The problem is that, at review time at Google, you have to be able to "quantify" the impact. Many types of impact are quantifiable (e.g. "Made server request scale from 100 query-per-second to 1,300 qps", "reduced code size by 30%", etc.).
It's much harder to measure, say, the impact of a refactor where you made the code easier to reason about and more maintainable, so that future work can be done on it more easily.
I witnessed the same thing at Google; I worked on a project that everyone joked only existed because the person who wrote it wanted promo, and the best way to get it was to design a very complex system, and convince others to adopt it. (He did get it, and promptly switched teams.)
Some things have been made better, though. I've heard that going from L4 → L5 now involves much more influence from your manager, since they would know and, without quantifying something like a refactor, can speak to the positive impact you had in a project.
I've also seen refactors that just made life difficult for everyone else with constant non-functional changes. In the end there is a lot of fashion in programming, and while some refactors are worthwhile most are not in my experience.
The refactor is supposed to provide payoff in the future, but what normally happens is fashion changes and someone new comes by and says "this code is shit" and starts the process over. The supposed benefits never accrue.
Measure commits/authors before and after a refactor.
Measuring number of commits? Create fewer, larger commits. Measuring commit size? Pull in more third-party libraries, even where it does't make sense. Author count? Add more/less documentation and recruit or inhibit new devs depending on what your goal is.
Not to mention the number of commits/authors before and after an arbitrary point in time might conflate a successful growing project with a project in a death spiral being passed around from group to group.

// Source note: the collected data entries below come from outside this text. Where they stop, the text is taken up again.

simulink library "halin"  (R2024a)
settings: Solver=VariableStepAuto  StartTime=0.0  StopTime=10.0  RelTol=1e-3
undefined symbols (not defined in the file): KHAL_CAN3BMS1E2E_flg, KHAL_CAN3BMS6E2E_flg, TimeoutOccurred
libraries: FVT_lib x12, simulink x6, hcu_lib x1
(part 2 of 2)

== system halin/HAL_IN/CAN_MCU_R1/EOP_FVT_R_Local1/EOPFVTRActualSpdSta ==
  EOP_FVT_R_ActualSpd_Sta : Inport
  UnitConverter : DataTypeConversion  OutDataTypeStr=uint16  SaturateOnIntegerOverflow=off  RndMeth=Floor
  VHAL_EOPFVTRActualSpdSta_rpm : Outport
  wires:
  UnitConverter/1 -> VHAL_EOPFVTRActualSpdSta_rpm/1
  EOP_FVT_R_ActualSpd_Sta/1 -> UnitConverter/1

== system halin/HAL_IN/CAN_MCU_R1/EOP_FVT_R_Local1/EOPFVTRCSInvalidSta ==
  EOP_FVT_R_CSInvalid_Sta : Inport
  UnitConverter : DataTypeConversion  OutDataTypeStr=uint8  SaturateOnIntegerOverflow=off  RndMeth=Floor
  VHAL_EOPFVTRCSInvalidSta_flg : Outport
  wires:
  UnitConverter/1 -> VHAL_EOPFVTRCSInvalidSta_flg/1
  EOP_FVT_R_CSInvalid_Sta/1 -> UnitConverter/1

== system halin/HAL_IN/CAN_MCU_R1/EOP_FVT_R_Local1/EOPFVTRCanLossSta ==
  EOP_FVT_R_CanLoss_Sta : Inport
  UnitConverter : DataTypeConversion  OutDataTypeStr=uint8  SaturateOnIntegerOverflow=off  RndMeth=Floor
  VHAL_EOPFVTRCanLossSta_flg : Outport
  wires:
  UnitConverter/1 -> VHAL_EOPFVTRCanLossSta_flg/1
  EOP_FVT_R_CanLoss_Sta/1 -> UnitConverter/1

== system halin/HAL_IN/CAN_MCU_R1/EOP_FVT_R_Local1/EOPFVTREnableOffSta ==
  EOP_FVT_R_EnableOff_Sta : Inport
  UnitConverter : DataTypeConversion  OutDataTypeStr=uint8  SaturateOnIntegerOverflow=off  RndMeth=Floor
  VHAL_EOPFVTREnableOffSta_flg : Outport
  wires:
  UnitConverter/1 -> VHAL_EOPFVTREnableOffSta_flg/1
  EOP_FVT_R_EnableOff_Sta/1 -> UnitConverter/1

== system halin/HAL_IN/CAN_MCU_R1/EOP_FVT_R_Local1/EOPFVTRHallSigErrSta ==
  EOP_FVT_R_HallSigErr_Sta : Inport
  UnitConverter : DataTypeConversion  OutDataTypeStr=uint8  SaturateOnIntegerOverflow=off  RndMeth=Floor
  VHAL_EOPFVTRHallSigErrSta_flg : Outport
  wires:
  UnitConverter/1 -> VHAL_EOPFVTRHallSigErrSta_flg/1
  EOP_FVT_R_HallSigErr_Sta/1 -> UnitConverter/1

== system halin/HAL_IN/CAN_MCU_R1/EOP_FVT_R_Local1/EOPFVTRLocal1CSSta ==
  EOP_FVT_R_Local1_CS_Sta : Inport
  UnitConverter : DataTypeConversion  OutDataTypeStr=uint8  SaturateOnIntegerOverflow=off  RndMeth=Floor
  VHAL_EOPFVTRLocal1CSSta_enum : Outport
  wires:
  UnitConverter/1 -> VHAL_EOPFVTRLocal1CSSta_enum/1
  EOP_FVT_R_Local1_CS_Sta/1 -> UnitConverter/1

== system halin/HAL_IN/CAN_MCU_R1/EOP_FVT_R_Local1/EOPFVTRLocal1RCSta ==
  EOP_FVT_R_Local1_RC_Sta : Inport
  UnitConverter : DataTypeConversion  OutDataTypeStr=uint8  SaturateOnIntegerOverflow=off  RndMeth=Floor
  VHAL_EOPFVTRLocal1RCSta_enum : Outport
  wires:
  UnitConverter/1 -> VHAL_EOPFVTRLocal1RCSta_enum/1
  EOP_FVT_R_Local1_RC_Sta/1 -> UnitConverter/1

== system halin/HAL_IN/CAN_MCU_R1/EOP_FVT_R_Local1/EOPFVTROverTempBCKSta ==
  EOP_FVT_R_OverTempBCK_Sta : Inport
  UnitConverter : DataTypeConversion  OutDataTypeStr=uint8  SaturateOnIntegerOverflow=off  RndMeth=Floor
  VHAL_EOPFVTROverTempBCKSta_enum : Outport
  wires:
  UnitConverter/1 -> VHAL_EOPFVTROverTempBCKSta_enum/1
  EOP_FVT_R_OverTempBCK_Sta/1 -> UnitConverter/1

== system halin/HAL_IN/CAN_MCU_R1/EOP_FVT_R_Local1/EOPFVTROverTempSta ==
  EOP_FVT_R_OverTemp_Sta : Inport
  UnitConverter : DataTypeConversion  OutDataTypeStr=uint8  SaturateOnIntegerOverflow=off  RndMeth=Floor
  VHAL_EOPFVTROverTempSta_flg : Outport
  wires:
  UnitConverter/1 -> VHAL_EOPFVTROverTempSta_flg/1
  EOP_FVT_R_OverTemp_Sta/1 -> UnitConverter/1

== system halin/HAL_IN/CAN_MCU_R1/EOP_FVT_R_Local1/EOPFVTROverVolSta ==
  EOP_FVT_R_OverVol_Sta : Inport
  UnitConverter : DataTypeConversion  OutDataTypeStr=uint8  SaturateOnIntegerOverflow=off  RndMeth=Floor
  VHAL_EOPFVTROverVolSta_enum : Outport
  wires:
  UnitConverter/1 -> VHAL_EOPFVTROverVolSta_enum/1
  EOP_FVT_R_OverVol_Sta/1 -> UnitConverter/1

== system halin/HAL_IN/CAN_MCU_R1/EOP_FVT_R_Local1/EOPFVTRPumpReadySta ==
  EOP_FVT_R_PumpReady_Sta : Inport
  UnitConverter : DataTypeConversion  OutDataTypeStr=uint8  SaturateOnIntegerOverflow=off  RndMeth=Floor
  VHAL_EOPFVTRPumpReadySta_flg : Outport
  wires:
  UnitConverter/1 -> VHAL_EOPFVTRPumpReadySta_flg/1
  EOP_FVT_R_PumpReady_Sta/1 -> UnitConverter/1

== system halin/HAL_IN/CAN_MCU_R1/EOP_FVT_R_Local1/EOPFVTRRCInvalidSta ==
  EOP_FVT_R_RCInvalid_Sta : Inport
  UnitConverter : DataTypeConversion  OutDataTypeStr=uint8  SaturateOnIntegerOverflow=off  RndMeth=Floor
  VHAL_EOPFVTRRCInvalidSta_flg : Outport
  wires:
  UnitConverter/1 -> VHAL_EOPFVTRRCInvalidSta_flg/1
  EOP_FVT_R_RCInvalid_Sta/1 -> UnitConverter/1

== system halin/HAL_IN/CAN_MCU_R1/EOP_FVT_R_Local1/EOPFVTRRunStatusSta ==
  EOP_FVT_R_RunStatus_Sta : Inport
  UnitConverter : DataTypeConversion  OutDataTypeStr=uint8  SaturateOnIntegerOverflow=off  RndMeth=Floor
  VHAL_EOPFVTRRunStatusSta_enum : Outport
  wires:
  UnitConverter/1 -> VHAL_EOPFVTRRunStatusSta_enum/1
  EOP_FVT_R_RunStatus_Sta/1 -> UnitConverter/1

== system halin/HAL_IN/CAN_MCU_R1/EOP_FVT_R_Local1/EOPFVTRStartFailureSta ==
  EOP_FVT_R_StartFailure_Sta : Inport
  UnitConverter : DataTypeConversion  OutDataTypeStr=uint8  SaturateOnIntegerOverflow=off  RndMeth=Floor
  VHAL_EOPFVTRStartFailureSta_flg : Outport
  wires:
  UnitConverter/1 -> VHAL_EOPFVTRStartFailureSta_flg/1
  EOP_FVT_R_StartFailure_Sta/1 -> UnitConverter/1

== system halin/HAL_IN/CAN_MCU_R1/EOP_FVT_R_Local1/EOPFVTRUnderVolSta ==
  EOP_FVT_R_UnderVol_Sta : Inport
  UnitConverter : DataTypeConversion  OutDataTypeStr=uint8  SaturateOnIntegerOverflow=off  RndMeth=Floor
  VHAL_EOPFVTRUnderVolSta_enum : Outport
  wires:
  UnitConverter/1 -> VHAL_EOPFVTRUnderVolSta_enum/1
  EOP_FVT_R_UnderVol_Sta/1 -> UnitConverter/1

It's a good idea, but in practice simple metrics like this often (but not always) devolve into prime examples of Goodhart's law.
If you can’t find a measurable benefit to a refactoring (or anything else, really) then maybe it was not worth doing in the first place.
There is no programming project in existence with enough developers working on it, that developer-productivity data derived from a change to it would not be considered "underpowered" for the sake of proving anything.
A high impact infra change will often inconvenience dozens of people and distract from feature work... You know, the shit people actually care about... (this is analogous to how "Twitter, but written in Golang" appeals to approximately no one.)
And solve the halting problem while you're at it
Goodhart’s law is not applicable to scientific management because metrics have different purpose.